*** SOURCE MATERIAL

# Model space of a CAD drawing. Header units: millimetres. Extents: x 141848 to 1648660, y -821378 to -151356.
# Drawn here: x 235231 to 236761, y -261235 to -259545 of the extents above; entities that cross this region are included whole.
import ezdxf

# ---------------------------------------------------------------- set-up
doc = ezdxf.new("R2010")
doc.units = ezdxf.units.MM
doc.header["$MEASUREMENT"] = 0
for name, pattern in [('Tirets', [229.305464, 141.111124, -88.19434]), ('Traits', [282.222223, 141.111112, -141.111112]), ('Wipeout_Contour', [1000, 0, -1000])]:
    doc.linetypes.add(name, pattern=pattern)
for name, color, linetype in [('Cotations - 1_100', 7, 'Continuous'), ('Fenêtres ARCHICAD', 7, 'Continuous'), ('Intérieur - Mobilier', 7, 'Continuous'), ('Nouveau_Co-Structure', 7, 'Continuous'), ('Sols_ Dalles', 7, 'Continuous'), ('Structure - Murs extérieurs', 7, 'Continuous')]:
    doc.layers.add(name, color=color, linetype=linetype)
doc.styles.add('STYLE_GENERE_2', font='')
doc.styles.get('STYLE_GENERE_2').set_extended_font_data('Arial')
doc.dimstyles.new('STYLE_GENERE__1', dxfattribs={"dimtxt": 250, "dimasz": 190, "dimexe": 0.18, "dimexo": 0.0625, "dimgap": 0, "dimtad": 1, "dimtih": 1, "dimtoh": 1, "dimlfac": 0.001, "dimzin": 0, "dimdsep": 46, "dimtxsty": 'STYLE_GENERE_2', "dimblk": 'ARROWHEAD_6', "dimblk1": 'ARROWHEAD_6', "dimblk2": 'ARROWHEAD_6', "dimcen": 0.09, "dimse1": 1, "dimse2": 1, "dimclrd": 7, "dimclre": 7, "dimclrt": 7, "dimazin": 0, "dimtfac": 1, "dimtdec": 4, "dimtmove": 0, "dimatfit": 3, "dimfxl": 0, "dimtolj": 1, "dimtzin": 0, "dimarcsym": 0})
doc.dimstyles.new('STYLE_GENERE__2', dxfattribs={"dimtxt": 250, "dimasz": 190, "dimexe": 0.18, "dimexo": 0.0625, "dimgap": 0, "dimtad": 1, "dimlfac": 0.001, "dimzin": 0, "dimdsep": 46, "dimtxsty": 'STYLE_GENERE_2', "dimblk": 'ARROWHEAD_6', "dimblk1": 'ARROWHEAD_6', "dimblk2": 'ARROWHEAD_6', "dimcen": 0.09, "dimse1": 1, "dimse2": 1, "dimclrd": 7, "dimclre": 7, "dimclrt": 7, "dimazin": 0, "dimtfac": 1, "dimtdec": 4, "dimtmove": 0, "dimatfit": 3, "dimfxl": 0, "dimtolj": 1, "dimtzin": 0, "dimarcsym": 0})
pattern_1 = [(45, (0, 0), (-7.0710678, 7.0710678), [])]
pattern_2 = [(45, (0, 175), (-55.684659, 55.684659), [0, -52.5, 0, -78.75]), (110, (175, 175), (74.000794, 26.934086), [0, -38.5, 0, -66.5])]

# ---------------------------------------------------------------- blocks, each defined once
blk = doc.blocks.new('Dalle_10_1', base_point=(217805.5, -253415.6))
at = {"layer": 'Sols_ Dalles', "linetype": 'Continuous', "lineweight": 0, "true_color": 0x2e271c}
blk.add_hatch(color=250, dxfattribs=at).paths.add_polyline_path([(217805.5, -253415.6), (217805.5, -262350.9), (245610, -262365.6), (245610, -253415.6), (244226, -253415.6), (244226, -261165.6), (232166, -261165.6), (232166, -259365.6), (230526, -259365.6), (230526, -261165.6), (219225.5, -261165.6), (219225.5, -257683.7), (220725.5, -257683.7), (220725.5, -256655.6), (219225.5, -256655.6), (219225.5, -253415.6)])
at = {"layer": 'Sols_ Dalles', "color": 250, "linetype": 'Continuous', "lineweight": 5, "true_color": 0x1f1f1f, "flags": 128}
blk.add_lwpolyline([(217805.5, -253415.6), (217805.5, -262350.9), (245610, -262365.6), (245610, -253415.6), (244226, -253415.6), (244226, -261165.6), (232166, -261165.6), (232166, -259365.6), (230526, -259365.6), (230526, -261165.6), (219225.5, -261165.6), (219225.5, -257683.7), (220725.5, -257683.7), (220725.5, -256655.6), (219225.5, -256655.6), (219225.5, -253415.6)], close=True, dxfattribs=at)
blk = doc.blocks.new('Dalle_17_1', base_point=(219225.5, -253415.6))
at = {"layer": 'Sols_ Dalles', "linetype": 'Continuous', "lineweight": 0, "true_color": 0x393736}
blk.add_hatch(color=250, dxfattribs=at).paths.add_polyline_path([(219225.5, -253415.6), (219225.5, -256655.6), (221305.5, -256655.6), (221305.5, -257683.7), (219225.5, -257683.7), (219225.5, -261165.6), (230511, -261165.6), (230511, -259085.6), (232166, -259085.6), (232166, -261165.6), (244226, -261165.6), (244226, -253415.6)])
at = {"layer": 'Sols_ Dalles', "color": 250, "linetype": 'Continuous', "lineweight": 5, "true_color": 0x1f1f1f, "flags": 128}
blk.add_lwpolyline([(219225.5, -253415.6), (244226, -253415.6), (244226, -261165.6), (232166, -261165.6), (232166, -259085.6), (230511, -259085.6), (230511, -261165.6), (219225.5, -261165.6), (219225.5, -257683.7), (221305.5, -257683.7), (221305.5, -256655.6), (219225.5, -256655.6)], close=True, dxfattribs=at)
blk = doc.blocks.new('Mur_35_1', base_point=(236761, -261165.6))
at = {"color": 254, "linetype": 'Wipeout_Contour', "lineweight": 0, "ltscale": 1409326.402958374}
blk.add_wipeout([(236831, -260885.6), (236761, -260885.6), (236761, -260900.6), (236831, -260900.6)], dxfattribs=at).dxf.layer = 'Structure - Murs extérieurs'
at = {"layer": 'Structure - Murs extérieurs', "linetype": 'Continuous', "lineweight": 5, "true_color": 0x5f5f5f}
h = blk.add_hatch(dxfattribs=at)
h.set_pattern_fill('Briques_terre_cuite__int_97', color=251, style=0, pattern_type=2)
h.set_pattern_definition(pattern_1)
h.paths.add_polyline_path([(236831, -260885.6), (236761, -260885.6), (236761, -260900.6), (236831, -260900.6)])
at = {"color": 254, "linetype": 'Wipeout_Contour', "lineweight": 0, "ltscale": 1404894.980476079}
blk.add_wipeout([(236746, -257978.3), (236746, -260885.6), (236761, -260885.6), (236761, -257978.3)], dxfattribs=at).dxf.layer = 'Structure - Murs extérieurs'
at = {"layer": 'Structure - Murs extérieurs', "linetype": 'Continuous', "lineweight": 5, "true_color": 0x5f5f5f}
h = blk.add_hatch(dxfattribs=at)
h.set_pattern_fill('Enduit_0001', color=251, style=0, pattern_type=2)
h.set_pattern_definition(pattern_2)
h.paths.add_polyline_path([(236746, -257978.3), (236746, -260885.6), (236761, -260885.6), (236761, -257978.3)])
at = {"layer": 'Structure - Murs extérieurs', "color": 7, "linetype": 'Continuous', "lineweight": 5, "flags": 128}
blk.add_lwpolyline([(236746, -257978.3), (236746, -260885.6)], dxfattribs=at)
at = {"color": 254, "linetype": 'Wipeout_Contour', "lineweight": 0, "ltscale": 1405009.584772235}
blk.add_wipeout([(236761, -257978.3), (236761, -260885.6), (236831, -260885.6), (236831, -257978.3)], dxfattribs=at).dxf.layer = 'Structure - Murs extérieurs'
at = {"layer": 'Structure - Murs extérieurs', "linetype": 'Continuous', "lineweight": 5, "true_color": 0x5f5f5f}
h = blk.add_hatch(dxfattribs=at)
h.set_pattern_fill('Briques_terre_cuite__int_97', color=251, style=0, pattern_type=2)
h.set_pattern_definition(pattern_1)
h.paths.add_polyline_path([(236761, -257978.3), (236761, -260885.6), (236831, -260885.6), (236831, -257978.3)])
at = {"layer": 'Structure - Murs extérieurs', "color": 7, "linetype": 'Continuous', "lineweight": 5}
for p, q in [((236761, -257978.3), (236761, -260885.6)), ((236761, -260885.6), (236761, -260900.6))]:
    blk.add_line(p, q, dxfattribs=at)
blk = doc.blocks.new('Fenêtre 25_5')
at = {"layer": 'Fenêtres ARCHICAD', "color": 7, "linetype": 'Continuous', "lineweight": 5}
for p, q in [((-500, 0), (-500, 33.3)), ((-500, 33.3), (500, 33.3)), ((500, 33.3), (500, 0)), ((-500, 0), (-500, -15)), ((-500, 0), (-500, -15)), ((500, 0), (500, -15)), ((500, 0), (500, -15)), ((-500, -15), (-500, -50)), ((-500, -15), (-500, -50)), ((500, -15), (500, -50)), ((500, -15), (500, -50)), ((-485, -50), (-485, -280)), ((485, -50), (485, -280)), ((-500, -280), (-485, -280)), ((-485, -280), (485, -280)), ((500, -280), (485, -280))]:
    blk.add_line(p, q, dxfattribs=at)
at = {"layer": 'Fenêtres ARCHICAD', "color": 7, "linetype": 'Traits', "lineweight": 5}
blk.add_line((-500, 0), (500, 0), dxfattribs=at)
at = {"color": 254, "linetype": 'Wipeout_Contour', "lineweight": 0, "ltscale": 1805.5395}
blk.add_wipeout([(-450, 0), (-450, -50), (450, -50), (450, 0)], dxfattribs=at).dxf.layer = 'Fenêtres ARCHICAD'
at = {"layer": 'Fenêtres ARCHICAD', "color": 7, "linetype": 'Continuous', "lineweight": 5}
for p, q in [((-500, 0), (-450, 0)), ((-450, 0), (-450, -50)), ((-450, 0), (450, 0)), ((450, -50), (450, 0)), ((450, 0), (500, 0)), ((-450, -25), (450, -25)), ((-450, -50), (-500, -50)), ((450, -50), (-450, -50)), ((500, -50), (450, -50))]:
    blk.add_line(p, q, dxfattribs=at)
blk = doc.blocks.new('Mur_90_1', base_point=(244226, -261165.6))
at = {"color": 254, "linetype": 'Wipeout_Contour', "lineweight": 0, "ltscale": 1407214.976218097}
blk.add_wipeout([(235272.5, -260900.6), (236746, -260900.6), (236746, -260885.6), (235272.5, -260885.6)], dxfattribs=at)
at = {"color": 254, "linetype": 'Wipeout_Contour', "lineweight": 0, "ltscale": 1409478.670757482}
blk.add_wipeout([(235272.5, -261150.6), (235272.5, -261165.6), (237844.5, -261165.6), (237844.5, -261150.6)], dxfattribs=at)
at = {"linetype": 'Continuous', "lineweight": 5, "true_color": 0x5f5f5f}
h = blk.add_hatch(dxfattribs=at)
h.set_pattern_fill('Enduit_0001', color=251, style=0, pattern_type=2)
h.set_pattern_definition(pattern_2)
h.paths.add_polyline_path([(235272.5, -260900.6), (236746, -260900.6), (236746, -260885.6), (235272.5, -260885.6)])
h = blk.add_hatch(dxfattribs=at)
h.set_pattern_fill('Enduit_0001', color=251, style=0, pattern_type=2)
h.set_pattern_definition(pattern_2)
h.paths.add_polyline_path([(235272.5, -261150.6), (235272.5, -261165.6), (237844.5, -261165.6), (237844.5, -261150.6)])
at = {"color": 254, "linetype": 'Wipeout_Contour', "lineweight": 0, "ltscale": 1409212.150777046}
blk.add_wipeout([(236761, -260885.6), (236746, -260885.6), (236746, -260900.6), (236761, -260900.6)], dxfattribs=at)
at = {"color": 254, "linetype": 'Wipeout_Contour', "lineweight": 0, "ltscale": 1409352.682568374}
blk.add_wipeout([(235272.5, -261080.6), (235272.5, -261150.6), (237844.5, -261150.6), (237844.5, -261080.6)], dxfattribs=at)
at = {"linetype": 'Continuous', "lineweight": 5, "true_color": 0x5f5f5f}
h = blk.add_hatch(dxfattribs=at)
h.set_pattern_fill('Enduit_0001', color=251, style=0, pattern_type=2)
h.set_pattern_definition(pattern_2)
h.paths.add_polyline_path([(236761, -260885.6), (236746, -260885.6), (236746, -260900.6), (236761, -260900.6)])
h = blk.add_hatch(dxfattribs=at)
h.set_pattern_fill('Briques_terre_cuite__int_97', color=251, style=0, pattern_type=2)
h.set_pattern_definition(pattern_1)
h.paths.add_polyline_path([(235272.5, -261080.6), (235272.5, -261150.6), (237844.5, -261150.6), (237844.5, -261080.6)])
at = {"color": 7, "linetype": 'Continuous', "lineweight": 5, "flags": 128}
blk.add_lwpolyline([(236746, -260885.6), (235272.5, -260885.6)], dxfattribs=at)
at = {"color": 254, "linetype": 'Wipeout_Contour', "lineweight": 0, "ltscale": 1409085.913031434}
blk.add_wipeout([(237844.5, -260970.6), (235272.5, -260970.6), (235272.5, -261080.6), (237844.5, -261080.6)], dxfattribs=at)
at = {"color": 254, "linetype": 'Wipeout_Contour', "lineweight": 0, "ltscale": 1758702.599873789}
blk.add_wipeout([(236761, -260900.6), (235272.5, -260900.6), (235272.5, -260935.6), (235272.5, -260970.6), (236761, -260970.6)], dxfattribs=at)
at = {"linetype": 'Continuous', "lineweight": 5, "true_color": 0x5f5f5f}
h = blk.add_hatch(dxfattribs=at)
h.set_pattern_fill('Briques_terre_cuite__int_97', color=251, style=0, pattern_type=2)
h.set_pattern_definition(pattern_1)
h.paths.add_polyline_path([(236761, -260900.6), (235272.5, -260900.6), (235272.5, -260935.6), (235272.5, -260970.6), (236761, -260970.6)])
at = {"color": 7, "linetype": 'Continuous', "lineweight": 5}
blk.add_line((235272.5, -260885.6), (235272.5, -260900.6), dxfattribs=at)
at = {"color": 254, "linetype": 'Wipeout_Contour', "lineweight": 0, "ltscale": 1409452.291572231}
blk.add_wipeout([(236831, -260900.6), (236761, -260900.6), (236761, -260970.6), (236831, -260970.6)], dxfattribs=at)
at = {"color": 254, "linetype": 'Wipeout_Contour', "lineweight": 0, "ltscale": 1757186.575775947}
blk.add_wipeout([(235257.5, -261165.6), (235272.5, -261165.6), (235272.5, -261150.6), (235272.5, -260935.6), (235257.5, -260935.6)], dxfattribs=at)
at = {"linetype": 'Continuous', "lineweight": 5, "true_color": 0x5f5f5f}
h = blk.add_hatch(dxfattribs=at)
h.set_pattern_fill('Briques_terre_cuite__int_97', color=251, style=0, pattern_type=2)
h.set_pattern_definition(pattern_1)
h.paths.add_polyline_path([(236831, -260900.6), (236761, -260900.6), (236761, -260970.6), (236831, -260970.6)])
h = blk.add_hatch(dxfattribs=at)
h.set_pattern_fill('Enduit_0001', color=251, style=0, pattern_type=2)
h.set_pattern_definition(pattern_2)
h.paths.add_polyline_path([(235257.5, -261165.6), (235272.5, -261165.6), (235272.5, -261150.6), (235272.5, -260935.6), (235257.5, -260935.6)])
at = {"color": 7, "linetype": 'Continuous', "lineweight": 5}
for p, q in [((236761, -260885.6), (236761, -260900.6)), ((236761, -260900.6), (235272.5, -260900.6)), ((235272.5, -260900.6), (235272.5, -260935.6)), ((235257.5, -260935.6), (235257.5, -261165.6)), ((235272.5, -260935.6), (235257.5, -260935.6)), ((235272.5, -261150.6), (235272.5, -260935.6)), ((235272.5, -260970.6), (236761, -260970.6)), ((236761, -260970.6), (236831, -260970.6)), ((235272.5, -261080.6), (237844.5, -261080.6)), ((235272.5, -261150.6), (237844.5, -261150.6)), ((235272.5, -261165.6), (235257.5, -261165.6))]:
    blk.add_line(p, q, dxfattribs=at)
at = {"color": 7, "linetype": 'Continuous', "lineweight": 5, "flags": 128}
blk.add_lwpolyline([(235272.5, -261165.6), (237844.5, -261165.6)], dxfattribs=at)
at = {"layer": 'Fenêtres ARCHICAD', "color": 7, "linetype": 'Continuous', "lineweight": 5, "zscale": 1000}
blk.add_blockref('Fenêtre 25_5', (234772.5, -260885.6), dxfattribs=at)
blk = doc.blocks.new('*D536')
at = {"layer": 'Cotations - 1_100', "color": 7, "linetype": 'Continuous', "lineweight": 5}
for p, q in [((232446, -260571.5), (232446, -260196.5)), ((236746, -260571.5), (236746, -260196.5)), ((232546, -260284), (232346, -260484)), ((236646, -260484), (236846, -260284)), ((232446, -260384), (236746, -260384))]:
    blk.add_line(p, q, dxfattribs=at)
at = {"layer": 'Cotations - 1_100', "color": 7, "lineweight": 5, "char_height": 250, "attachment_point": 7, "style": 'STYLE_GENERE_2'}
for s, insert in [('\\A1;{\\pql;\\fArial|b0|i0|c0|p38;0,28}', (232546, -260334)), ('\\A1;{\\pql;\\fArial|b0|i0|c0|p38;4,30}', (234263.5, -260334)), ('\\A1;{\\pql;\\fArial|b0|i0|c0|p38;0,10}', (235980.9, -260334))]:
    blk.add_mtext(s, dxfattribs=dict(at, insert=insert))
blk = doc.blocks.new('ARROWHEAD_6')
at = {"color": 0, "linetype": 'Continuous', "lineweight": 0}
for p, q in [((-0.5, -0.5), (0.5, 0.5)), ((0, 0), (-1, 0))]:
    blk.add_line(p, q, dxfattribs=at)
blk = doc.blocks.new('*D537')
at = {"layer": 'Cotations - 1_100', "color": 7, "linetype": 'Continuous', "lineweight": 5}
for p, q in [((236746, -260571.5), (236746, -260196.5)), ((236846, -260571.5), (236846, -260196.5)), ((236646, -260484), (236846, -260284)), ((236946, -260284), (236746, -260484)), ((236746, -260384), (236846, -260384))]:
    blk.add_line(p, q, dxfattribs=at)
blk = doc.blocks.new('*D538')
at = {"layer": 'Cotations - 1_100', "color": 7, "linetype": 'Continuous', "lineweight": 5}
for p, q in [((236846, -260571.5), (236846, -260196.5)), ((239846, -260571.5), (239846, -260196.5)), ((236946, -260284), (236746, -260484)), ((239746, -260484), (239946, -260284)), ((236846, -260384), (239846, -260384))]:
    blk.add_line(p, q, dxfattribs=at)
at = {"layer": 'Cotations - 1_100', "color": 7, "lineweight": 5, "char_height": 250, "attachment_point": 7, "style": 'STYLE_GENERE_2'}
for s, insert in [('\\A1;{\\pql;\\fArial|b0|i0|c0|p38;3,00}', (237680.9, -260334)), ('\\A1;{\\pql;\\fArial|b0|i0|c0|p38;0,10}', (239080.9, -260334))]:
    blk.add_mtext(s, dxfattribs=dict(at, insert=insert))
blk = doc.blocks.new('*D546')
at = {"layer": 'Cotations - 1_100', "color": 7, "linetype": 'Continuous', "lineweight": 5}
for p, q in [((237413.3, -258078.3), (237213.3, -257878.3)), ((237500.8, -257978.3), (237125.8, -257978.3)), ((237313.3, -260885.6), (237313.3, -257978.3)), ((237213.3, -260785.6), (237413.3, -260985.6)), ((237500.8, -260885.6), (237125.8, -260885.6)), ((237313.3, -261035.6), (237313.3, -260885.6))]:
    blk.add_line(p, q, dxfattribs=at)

******

• [EXERCISE GOAL]: Which lines of the records contain "fArial"? Show each of them.

• [TASK SOLUTION]:
for s, insert in [('\\A1;{\\pql;\\fArial|b0|i0|c0|p38;0,28}', (232546, -260334)), ('\\A1;{\\pql;\\fArial|b0|i0|c0|p38;4,30}', (234263.5, -260334)), ('\\A1;{\\pql;\\fArial|b0|i0|c0|p38;0,10}', (235980.9, -260334))]:
for s, insert in [('\\A1;{\\pql;\\fArial|b0|i0|c0|p38;3,00}', (237680.9, -260334)), ('\\A1;{\\pql;\\fArial|b0|i0|c0|p38;0,10}', (239080.9, -260334))]:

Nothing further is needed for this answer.